Passarono dieci minuti esatti prima che Artemisia sbucasse in tutta fretta dal corridoio adiacente. Quando Berenice la vide, sentì un certo sollievo alleggerirle le spalle. Era tutta rossa in viso e aveva i capelli aggrovigliati, come se si fosse rotolata sul letto.
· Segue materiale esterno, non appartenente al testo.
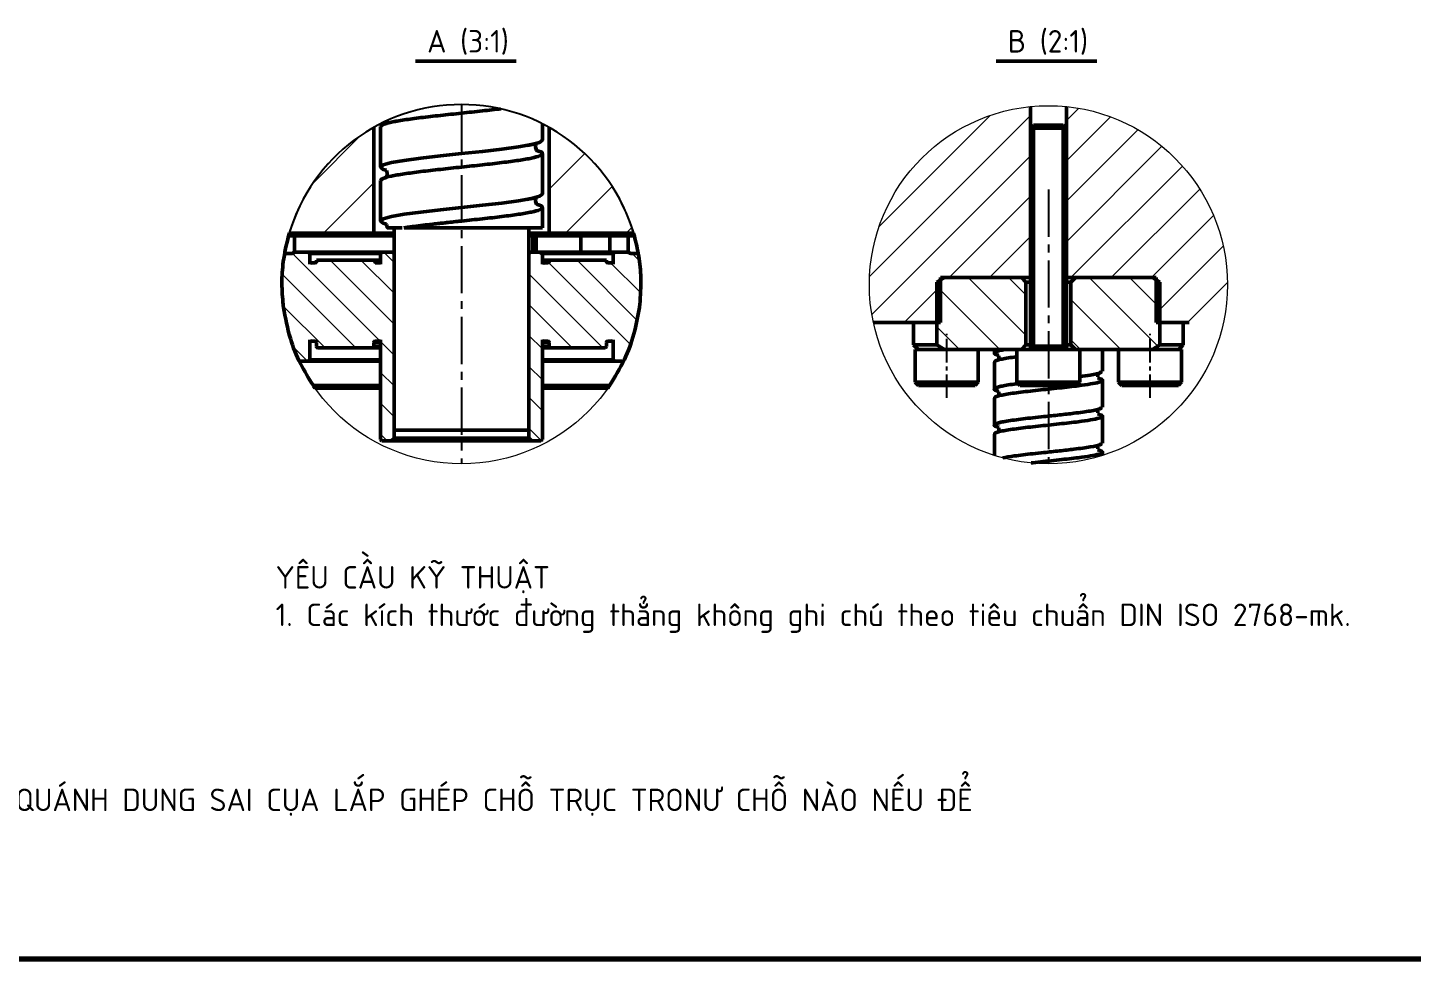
# Model space of a CAD drawing. Header units: millimetres. Extents: x -190 to 12889, y -227 to 3957.
# Drawn here: x 1974.8 to 2282.9, y 1678.5 to 1885.8 of the extents above; entities that cross this region are included whole.
import ezdxf

# ---------------------------------------------------------------- set-up
doc = ezdxf.new("R2010")
doc.units = ezdxf.units.MM
doc.header["$LTSCALE"] = 0.7
doc.linetypes.add('CENTER2', pattern=[1.125, 0.75, -0.125, 0.125, -0.125])
doc.layers.get('0').update_dxf_attribs({"color": 255})
for name, color, linetype, lineweight in [('AM_5', 10, 'Continuous', 25), ('CON', 7, 'Continuous', 50), ('DIM', 94, 'Continuous', 25), ('KHUNGBV', 5, 'Continuous', 70), ('mãnh', 7, 'Continuous', 18), ('TEXT', 7, 'Continuous', 25)]:
    doc.layers.add(name, color=color, linetype=linetype, lineweight=lineweight)
doc.styles.add('TCVN-7284', font='tcvn+7284-2003r.ttf')
doc.styles.add('TCVN7824', font='tcvn+7284-2003r.ttf', dxfattribs={"height": 3.5})
pattern_1 = [(135, (-5204.297, -5185.747), (-4.490128, -4.490128), [])]
pattern_2 = [(45, (-9038.015, -8416.864), (-6.735192, 6.735192), [])]
pattern_3 = [(135, (-9038.015, -8416.864), (-3.434948, -3.434948), [])]

# ---------------------------------------------------------------- blocks, each defined once
blk = doc.blocks.new('*U856')
at = {"layer": 'AM_5', "color": 0, "linetype": 'CENTER2', "ltscale": 20, "transparency": 16777216}
blk.add_line((0, 56.91), (0, -3.86), dxfattribs=at)
blk = doc.blocks.new('dfhjd')
at = {"layer": 'KHUNGBV', "color": 9, "ltscale": 5}
blk.add_line((7718.44, 2639.71), (6559.44, 2639.71), dxfattribs=at)
blk = doc.blocks.new('*U854')
at = {"layer": 'AM_5', "color": 0, "linetype": 'CENTER2', "ltscale": 10, "transparency": 16777216}
blk.add_line((0, -7.15), (0, 7.15), dxfattribs=at)
blk = doc.blocks.new('*U855')
at = {"layer": 'AM_5', "color": 0, "linetype": 'CENTER2', "ltscale": 10, "transparency": 16777216}
blk.add_line((0, -7.15), (0, 7.15), dxfattribs=at)
blk = doc.blocks.new('*U861')
at = {"layer": 'AM_5', "color": 0, "linetype": 'CENTER2', "ltscale": 20, "transparency": 16777216}
blk.add_line((0, 39.97), (0, -39.97), dxfattribs=at)

msp = doc.modelspace()

# ---------------------------------------------------------------- hatches: boundary and pattern name
at = {"linetype": 'Continuous', "lineweight": 18}
h = msp.add_hatch(dxfattribs=at)
h.set_pattern_fill('ANSI31', color=92, scale=2, style=0)
h.set_pattern_definition([(45, (-5204.297, -5185.747), (-4.490128, 4.490128), [])])
edge = h.paths.add_edge_path()
edge.add_line((2162.988, 1820.2115), (2177.925, 1820.2115))
edge.add_line((2177.925, 1820.2115), (2177.925, 1830.2115))
edge.add_line((2177.925, 1830.2115), (2197.925, 1830.2115))
edge.add_line((2197.925, 1830.2115), (2197.9276, 1868.238))
edge.add_arc((2201.926, 1828.6066), 39.8327, 95.761011, 192.166746)
h = msp.add_hatch(dxfattribs=at)
h.set_pattern_fill('ANSI31', color=92, scale=2, style=0)
h.set_pattern_definition([(45, (-1523.4586, 605.308), (-4.490128, 4.490128), [])])
edge = h.paths.add_edge_path()
edge.add_line((2225.925, 1820.2115), (2240.862, 1820.2115))
edge.add_arc((2201.9209, 1828.6059), 39.8356, 347.835136, 444.229997)
edge.add_line((2205.9258, 1868.2397), (2205.925, 1830.2115))
edge.add_line((2205.925, 1830.2115), (2225.925, 1830.2115))
edge.add_line((2225.925, 1830.2115), (2225.925, 1820.2115))
h = msp.add_hatch(dxfattribs=at)
h.set_pattern_fill('ANSI31', color=92, scale=3, style=0)
h.set_pattern_definition(pattern_2)
edge = h.paths.add_edge_path(flags=0)
edge.add_line((2051.8184, 1840.074), (2051.8184, 1863.6117))
edge.add_arc((2071.3184, 1828.749), 39.9457, 119.219907, 163.530214)
edge.add_line((2033.0117, 1840.074), (2051.8184, 1840.074))
h = msp.add_hatch(dxfattribs=at)
h.set_pattern_fill('ANSI31', color=92, scale=3, style=0)
h.set_pattern_definition(pattern_2)
edge = h.paths.add_edge_path(flags=0)
edge.add_arc((2071.3184, 1828.749), 39.9457, 16.469786, 60.780093)
edge.add_line((2090.8184, 1863.6117), (2090.8184, 1840.074))
edge.add_line((2090.8184, 1840.074), (2109.6251, 1840.074))
h = msp.add_hatch(dxfattribs=at)
h.set_pattern_fill('ANSI31', color=70, scale=1.53, angle=90, style=0)
h.set_pattern_definition(pattern_3)
edge = h.paths.add_edge_path(flags=0)
edge.add_line((2037.2684, 1811.574), (2037.5684, 1811.874))
edge.add_line((2037.5684, 1811.874), (2037.5684, 1816.374))
edge.add_arc((2037.8684, 1816.374), 0.3, 180, 270)
edge.add_line((2037.8684, 1816.074), (2038.7684, 1816.074))
edge.add_arc((2038.7684, 1815.774), 0.3, 0, 90, ccw=False)
edge.add_line((2039.0684, 1815.774), (2039.0684, 1814.874))
edge.add_arc((2039.3684, 1814.874), 0.3, 180, 270)
edge.add_line((2039.3684, 1814.574), (2051.5184, 1814.574))
edge.add_arc((2051.5184, 1814.874), 0.3, 270, 360)
edge.add_line((2051.8184, 1814.874), (2051.8184, 1815.774))
edge.add_arc((2052.1184, 1815.774), 0.3, 90, 180, ccw=False)
edge.add_line((2052.1184, 1816.074), (2053.0184, 1816.074))
edge.add_arc((2053.0184, 1816.374), 0.3, 270, 360)
edge.add_line((2053.3184, 1816.374), (2053.3184, 1794.174))
edge.add_line((2053.3184, 1794.174), (2053.6184, 1793.874))
edge.add_line((2053.6184, 1793.874), (2055.7184, 1793.874))
edge.add_line((2055.7184, 1793.874), (2056.3184, 1794.474))
edge.add_line((2056.3184, 1794.474), (2056.3184, 1835.574))
edge.add_line((2056.3184, 1835.574), (2056.0184, 1835.874))
edge.add_line((2056.0184, 1835.874), (2053.6184, 1835.874))
edge.add_line((2053.6184, 1835.874), (2053.3184, 1835.574))
edge.add_line((2053.3184, 1835.574), (2053.3184, 1833.174))
edge.add_arc((2053.0184, 1833.174), 0.3, 360, 450)
edge.add_line((2053.0184, 1833.474), (2052.1184, 1833.474))
edge.add_arc((2052.1184, 1833.774), 0.3, 180, 270, ccw=False)
edge.add_line((2051.8184, 1833.774), (2051.8184, 1834.074))
edge.add_line((2051.8184, 1834.074), (2039.0684, 1834.074))
edge.add_line((2039.0684, 1834.074), (2039.0684, 1833.774))
edge.add_arc((2038.7684, 1833.774), 0.3, 270, 360, ccw=False)
edge.add_line((2038.7684, 1833.474), (2037.8684, 1833.474))
edge.add_arc((2037.8684, 1833.174), 0.3, 90, 180)
edge.add_line((2037.5684, 1833.174), (2037.5684, 1835.574))
edge.add_line((2037.5684, 1835.574), (2037.2684, 1835.874))
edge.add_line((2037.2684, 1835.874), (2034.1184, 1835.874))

Ma la cosa più strana era che aveva entrambe le mani imbrattate di torta.

«Qualcuno ti ha vista?» domandò all'istante Berenice ancor prima che la raggiungesse. La principessa alzò lo sguardo su di lei, scuotendo la testa rumorosamente. Le fece segno di entrare nella prima stanza libera e Berenice non aspettò di farselo ripetere due volte. Si rinchiusero all'interno, in uno dei tanti salottini color mogano del collegio.

«Come hai fatto a non farti vedere?» domandò di nuovo, senza dar voce al suo reale quesito. Come hai fatto a non farti notare con quella sedia a rotelle, considerata tutta la gente che gira per il collegio stasera?

Berenice avrebbe anche voluto chiederle perché mai avesse le mani imbrattate di panna, ma nel momento in cui Artemisia tirò fuori dalla tasca il medaglione, le sembrò che la lingua e tutti i suoi neuroni tirassero giù le tapparelle per nascondersi, così come ogni sua più piccola particella corporea.

Artemisia lo appoggiò sul tavolo e si pulì le mani in un fazzoletto, l'espressione talmente scossa da contrastare nettamente con i suoi lineamenti morbidi.

«Quell'affare è davvero orripilante, solo chi non ha buon gusto potrebbe indossarlo,» commentò subito dopo averlo abbandonato sul tavolo. «Posso dire liberamente, sperando di non esser maledetta da qualche demone per l'eternità, che quel medaglione mi ha fatto venir voglia di affogare nella fontana del giardino? Sembra che catalizzi tutti i miei pensieri negativi.»

Berenice le lanciò un'occhiata nervosa, non sapendo cosa dire.

Lo fissarono entrambe in silenzio. Nonostante l'ampia stanza e le vetrate, Berenice sentì l'aria assopirsi, come se quel medaglione fosse in grado di appropriarsi di tutta la linfa vitale attorno a loro. Forse Artemisia aveva ragione.

«È questo?» domandò poi Artemisia, il volto più pallido del solito. Berenice annuì con riluttanza, anche se in realtà era certa fosse quello il medaglione. L'unico dettaglio che ne rivelava l'antichità era la spessa catena logorata dal tempo. Il cerchione con sopra in rilievo il serpente, invece, non mostrava alcun tipo di usura e irregolarità, come se fosse fatto di un materiale indistruttibile. Risplendeva come il gioiello più prezioso della terra e al tempo stesso emanava un'energia talmente negativa che Berenice si ritrovò circondata da immagini e pensieri lugubri. Fece un profondo e tetro respiro, l'aria che inghiottì le parve inquinata di qualcosa di rancido.